──────── INFORMATION SUPPLIED ────────
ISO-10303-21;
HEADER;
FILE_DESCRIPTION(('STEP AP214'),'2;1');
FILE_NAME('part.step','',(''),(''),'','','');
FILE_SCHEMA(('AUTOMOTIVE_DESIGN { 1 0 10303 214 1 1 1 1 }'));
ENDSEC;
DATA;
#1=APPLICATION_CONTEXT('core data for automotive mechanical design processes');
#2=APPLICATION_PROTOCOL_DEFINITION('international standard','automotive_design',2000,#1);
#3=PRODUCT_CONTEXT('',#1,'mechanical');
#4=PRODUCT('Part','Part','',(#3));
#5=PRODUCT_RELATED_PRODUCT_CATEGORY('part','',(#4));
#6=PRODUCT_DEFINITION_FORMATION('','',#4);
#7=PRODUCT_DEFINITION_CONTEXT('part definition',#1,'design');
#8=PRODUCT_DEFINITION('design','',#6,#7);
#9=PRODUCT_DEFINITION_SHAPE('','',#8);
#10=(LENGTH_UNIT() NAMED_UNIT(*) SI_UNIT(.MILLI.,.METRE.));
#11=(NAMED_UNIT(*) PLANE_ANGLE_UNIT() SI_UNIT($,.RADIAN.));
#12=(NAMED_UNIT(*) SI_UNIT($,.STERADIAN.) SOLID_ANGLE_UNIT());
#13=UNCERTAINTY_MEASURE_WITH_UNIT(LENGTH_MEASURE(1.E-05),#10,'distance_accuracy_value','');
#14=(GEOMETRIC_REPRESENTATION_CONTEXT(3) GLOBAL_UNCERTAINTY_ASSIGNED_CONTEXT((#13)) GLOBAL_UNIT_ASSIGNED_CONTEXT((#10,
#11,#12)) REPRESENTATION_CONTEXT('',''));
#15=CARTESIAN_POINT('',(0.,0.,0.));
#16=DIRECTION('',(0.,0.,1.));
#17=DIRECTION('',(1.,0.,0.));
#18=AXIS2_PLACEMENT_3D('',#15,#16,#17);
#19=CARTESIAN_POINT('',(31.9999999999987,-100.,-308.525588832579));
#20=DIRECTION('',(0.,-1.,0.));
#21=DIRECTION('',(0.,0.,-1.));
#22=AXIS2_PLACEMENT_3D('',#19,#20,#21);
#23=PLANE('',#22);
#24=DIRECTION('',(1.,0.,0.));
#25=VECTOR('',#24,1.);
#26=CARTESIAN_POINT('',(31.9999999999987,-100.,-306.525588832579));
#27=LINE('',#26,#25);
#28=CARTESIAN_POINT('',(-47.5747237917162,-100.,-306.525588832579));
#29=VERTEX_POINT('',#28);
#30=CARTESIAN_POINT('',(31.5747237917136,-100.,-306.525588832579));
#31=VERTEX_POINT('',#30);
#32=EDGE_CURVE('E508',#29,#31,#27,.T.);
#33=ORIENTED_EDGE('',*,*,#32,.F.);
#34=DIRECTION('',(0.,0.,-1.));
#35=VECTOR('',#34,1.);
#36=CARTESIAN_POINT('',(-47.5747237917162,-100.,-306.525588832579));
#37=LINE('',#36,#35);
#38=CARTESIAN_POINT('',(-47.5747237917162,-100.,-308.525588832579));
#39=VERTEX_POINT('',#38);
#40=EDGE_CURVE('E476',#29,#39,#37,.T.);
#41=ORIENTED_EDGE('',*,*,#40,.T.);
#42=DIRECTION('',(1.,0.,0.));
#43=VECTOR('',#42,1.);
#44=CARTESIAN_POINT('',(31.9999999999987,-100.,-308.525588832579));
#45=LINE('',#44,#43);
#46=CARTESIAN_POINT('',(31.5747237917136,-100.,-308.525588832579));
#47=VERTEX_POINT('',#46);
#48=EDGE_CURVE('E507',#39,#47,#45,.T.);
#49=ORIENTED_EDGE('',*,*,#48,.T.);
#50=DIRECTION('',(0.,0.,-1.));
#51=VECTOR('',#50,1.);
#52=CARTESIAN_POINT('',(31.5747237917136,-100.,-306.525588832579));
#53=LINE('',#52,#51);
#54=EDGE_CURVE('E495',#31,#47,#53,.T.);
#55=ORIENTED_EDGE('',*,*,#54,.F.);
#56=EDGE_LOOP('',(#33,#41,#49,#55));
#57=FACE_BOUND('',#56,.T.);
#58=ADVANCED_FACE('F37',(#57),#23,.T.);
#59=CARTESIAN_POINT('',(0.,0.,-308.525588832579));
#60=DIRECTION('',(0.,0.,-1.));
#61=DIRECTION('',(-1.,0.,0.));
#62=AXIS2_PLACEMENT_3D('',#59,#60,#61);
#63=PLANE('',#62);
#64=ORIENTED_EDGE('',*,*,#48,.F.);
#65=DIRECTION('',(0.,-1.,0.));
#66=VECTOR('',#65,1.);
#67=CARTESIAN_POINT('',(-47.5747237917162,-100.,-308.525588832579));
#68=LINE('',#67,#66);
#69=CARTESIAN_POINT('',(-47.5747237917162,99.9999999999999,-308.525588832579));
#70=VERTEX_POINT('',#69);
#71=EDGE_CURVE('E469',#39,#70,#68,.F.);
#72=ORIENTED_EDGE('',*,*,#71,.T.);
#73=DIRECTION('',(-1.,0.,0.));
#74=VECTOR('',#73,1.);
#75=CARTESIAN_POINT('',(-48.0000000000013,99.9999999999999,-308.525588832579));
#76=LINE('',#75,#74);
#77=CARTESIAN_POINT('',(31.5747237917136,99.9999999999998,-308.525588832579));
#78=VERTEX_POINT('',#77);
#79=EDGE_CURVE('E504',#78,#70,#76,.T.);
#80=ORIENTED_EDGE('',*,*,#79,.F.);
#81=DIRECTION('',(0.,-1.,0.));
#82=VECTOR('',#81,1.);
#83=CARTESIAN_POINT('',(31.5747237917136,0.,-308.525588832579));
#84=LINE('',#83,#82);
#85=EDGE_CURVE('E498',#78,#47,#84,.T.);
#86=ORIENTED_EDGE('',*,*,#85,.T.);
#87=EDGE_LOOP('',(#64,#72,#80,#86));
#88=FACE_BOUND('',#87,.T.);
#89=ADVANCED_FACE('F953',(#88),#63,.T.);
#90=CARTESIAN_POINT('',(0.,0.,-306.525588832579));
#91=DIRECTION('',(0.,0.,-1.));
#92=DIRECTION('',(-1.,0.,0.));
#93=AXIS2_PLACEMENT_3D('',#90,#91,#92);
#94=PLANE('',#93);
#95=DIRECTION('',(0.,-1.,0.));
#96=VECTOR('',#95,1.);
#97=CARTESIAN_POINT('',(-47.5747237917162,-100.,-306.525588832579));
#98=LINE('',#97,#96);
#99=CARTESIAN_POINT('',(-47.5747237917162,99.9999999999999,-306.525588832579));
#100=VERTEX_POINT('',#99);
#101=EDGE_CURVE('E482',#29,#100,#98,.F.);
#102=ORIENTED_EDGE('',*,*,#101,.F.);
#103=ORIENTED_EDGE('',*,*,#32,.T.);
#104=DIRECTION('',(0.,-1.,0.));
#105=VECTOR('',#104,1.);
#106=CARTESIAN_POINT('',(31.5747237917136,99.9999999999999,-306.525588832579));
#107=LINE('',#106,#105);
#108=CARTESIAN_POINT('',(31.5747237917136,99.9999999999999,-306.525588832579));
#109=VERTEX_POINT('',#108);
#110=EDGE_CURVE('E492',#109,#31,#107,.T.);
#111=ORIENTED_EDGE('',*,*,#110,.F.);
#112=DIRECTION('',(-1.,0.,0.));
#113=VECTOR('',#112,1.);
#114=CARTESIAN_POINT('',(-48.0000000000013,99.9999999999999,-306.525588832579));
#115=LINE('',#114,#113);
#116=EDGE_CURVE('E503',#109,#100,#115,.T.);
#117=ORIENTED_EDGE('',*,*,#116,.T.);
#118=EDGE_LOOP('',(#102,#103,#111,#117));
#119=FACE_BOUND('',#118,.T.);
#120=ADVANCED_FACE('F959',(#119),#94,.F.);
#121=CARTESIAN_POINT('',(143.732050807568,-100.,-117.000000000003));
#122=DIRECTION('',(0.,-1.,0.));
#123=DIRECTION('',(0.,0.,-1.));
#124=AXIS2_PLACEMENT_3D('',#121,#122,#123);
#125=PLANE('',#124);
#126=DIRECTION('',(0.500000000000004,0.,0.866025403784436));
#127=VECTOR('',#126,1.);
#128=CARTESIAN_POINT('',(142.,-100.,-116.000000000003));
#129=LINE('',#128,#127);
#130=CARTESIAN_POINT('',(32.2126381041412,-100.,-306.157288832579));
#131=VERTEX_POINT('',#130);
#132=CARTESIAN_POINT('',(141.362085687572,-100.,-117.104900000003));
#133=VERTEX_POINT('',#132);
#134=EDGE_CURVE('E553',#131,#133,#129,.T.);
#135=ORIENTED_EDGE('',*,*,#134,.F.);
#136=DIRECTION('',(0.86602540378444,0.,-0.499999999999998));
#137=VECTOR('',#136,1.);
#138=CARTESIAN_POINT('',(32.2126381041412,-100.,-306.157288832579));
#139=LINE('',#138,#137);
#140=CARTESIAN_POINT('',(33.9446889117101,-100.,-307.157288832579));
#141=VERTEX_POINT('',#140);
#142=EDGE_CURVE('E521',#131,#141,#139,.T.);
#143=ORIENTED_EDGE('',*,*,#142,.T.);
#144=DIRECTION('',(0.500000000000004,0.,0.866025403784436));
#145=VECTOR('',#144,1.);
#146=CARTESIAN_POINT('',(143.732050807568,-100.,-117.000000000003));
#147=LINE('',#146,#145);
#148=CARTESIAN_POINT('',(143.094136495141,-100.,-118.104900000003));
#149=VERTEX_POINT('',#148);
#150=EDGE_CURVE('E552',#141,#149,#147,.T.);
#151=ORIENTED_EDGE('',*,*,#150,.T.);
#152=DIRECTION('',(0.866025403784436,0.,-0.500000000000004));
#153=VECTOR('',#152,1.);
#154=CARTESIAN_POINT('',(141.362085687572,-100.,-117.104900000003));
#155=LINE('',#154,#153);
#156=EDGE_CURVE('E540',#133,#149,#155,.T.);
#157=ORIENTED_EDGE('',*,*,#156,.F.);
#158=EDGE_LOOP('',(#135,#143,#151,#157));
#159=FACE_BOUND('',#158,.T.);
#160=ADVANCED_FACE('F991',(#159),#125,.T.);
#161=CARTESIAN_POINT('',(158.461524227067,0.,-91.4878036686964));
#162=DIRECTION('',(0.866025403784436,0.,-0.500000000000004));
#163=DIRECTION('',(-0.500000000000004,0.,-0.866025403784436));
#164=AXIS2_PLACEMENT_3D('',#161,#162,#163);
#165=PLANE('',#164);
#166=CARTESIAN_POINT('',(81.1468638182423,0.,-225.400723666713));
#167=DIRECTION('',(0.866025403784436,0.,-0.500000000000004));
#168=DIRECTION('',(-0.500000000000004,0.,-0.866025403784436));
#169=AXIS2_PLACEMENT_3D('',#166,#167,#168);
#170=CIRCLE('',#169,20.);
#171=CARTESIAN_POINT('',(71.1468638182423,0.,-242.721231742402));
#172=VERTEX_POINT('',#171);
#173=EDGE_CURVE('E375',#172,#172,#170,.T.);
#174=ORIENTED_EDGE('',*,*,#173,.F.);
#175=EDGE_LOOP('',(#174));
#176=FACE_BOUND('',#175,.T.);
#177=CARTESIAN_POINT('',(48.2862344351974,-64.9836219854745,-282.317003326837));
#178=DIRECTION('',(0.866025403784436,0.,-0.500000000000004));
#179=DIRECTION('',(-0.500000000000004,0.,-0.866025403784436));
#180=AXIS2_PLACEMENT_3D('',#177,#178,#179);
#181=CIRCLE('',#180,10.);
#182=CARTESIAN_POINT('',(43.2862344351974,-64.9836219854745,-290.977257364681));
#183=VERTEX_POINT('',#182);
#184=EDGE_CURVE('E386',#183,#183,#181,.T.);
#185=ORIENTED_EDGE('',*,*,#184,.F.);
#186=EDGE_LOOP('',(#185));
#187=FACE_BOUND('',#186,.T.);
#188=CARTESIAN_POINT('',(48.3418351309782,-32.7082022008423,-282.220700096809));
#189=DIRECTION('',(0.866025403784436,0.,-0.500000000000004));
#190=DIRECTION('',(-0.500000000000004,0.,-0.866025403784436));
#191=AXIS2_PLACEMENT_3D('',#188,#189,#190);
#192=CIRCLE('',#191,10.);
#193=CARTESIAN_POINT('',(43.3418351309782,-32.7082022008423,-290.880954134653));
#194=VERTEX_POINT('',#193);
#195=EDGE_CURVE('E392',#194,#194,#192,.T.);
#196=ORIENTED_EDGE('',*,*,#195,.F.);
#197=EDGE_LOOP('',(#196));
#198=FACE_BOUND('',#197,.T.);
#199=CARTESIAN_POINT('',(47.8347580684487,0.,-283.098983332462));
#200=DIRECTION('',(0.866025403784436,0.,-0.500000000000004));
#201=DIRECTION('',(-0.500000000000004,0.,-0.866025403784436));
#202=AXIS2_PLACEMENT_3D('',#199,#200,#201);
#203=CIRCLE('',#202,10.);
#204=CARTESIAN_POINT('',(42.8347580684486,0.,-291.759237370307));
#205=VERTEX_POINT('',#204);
────────
▶ **TASK DESCRIPTION**:
All lines in the data above from the one with "#169=AXIS2_PLACEMENT_3D('',#166,#167,#168);" through the one with "#200=DIRECTION('',(0.866025403784436,0.,-0.500000000000004));" must be repeated exactly, and no others.

▶ **EXERCISE OUTPUT**:
#169=AXIS2_PLACEMENT_3D('',#166,#167,#168);
#170=CIRCLE('',#169,20.);
#171=CARTESIAN_POINT('',(71.1468638182423,0.,-242.721231742402));
#172=VERTEX_POINT('',#171);
#173=EDGE_CURVE('E375',#172,#172,#170,.T.);
#174=ORIENTED_EDGE('',*,*,#173,.F.);
#175=EDGE_LOOP('',(#174));
#176=FACE_BOUND('',#175,.T.);
#177=CARTESIAN_POINT('',(48.2862344351974,-64.9836219854745,-282.317003326837));
#178=DIRECTION('',(0.866025403784436,0.,-0.500000000000004));
#179=DIRECTION('',(-0.500000000000004,0.,-0.866025403784436));
#180=AXIS2_PLACEMENT_3D('',#177,#178,#179);
#181=CIRCLE('',#180,10.);
#182=CARTESIAN_POINT('',(43.2862344351974,-64.9836219854745,-290.977257364681));
#183=VERTEX_POINT('',#182);
#184=EDGE_CURVE('E386',#183,#183,#181,.T.);
#185=ORIENTED_EDGE('',*,*,#184,.F.);
#186=EDGE_LOOP('',(#185));
#187=FACE_BOUND('',#186,.T.);
#188=CARTESIAN_POINT('',(48.3418351309782,-32.7082022008423,-282.220700096809));
#189=DIRECTION('',(0.866025403784436,0.,-0.500000000000004));
#190=DIRECTION('',(-0.500000000000004,0.,-0.866025403784436));
#191=AXIS2_PLACEMENT_3D('',#188,#189,#190);
#192=CIRCLE('',#191,10.);
#193=CARTESIAN_POINT('',(43.3418351309782,-32.7082022008423,-290.880954134653));
#194=VERTEX_POINT('',#193);
#195=EDGE_CURVE('E392',#194,#194,#192,.T.);
#196=ORIENTED_EDGE('',*,*,#195,.F.);
#197=EDGE_LOOP('',(#196));
#198=FACE_BOUND('',#197,.T.);
#199=CARTESIAN_POINT('',(47.8347580684487,0.,-283.098983332462));
#200=DIRECTION('',(0.866025403784436,0.,-0.500000000000004));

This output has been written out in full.